### Problem requirements
Copy the listing below line for line, starting at its first line and ending with the line that has "settings Model: Creator=Martin" in it. Add nothing.
»»
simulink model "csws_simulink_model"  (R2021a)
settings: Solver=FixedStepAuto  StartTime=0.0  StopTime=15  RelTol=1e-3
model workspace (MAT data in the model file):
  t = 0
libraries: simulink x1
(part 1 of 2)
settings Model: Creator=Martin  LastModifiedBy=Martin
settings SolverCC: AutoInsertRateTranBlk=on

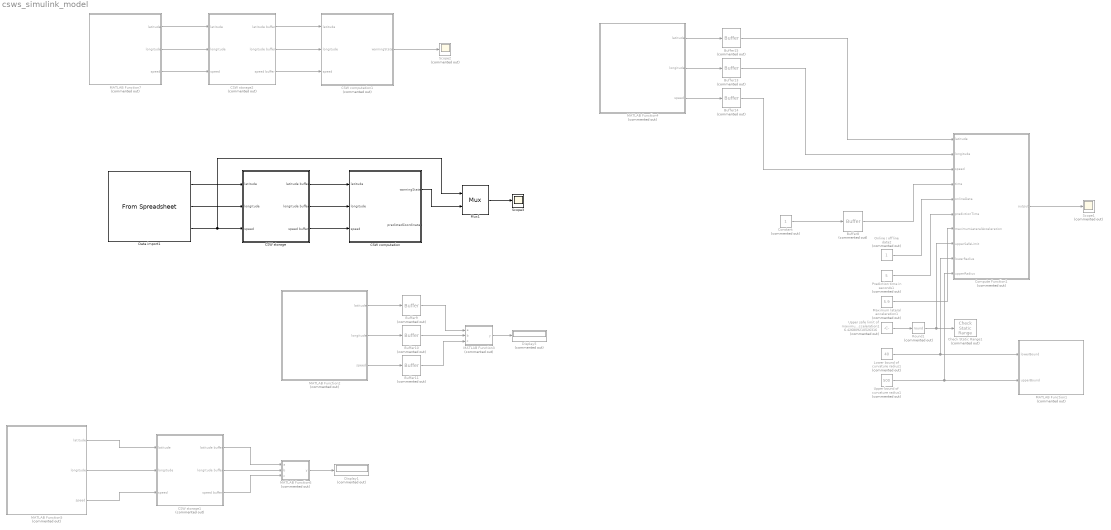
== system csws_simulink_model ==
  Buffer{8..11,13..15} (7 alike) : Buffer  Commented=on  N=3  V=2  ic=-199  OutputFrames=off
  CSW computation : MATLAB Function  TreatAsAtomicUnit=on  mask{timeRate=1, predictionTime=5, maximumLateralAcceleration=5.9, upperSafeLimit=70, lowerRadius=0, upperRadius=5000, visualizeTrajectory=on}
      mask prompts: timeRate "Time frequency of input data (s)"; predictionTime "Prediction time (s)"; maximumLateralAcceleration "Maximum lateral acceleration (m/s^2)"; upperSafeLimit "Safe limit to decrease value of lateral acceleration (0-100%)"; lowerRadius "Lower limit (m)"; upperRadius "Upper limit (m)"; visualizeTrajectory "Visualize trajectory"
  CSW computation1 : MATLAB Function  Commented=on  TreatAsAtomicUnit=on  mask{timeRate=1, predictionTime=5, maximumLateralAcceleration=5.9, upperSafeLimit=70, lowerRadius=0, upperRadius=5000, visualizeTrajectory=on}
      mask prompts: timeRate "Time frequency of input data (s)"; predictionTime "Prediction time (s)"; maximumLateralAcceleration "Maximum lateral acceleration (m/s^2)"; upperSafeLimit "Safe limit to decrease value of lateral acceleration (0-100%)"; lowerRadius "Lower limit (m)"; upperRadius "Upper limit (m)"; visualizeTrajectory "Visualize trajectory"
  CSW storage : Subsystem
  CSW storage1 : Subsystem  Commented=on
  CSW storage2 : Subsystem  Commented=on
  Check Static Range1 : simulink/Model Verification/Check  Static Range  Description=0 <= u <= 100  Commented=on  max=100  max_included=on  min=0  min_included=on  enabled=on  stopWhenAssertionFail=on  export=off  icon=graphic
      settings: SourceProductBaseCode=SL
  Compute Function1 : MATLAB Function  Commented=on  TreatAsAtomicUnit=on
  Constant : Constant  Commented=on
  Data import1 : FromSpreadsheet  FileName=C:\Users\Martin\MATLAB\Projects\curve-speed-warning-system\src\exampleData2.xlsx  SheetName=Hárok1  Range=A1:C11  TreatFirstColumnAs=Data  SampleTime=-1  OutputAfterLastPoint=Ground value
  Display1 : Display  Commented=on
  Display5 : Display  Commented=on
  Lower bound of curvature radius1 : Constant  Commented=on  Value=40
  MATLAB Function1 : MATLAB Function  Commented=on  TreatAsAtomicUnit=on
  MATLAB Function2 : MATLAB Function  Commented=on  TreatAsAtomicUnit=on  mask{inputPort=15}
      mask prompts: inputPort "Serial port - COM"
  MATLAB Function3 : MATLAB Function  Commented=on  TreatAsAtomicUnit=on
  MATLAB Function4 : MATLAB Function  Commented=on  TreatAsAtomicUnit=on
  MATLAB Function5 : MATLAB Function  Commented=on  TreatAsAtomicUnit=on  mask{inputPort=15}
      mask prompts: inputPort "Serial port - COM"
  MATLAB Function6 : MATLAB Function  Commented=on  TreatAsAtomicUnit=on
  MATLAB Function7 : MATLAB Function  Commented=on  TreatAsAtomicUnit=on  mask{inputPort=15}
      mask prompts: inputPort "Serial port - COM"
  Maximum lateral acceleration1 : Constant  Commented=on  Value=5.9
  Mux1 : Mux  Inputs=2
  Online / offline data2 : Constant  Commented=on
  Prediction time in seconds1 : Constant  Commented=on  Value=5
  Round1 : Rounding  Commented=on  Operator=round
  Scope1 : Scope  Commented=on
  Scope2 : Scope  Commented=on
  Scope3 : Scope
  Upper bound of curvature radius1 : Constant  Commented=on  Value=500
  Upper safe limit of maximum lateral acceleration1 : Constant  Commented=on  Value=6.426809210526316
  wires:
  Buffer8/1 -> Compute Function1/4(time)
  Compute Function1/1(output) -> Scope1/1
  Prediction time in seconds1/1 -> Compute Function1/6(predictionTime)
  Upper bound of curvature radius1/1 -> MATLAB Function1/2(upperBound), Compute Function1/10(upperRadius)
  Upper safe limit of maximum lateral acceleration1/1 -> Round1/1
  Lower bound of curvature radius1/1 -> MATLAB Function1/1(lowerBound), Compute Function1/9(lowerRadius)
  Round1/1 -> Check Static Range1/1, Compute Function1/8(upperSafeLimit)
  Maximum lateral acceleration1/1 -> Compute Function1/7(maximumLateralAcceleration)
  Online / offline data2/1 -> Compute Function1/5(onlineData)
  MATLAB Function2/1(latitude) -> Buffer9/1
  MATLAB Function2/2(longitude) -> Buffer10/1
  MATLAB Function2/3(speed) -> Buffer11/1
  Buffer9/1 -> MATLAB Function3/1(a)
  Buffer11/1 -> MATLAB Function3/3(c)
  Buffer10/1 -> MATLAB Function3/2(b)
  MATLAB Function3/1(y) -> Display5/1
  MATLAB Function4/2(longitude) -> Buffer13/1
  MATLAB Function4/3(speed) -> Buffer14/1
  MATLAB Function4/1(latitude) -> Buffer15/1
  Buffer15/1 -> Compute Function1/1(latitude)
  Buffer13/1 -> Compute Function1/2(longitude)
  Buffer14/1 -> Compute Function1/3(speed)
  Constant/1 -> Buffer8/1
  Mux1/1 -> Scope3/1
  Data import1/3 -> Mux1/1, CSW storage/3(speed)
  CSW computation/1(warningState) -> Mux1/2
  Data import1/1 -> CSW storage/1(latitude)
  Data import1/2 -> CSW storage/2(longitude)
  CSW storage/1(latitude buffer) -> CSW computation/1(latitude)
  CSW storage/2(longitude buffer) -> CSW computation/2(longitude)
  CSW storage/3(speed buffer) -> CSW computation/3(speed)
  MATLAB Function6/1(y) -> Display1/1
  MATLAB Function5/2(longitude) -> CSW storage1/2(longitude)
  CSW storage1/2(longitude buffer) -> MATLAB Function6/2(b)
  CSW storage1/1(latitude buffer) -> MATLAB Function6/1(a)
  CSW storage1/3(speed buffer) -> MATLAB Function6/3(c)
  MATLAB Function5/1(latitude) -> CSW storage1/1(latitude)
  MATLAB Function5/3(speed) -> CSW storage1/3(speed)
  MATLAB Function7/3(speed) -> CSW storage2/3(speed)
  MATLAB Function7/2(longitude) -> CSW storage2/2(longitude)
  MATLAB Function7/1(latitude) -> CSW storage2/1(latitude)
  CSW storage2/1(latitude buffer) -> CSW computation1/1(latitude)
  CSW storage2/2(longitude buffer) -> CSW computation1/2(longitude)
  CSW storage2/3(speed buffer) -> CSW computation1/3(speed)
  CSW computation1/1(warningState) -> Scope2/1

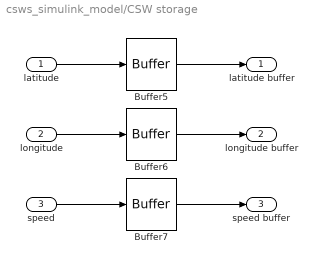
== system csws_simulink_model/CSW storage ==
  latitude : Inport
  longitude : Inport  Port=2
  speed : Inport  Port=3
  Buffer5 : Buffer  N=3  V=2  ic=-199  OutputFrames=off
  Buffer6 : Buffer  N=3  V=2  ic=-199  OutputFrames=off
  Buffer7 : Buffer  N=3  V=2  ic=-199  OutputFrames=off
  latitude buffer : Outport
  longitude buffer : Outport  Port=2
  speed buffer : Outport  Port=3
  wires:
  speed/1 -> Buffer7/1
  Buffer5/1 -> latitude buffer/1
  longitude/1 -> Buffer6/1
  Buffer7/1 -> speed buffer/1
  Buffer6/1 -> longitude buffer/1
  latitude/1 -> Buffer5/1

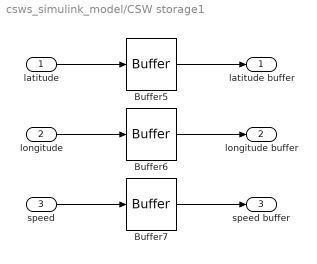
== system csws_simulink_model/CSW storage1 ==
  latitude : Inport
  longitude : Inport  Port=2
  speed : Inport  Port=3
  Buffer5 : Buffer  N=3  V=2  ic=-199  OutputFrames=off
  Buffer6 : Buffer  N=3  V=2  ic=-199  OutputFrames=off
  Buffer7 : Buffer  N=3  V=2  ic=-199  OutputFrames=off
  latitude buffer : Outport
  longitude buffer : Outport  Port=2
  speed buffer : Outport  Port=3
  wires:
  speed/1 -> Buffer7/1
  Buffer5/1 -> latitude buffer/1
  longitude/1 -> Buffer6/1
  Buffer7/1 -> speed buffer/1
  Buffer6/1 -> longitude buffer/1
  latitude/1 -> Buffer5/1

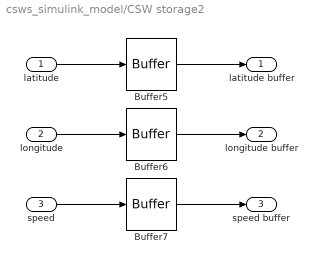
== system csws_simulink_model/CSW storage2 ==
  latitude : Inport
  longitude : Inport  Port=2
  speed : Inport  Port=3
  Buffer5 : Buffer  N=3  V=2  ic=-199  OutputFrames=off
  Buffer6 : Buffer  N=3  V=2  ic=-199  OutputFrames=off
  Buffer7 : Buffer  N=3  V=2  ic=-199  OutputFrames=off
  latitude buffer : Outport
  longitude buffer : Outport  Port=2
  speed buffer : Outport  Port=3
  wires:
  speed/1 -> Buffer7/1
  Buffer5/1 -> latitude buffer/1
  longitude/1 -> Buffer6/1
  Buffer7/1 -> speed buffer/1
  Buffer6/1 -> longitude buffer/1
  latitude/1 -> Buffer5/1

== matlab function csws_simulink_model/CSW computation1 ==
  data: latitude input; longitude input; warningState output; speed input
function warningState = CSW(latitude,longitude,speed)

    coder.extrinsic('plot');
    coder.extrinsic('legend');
««
### Result of this task
simulink model "csws_simulink_model"  (R2021a)
settings: Solver=FixedStepAuto  StartTime=0.0  StopTime=15  RelTol=1e-3
model workspace (MAT data in the model file):
  t = 0
libraries: simulink x1
(part 1 of 2)
settings Model: Creator=Martin  LastModifiedBy=Martin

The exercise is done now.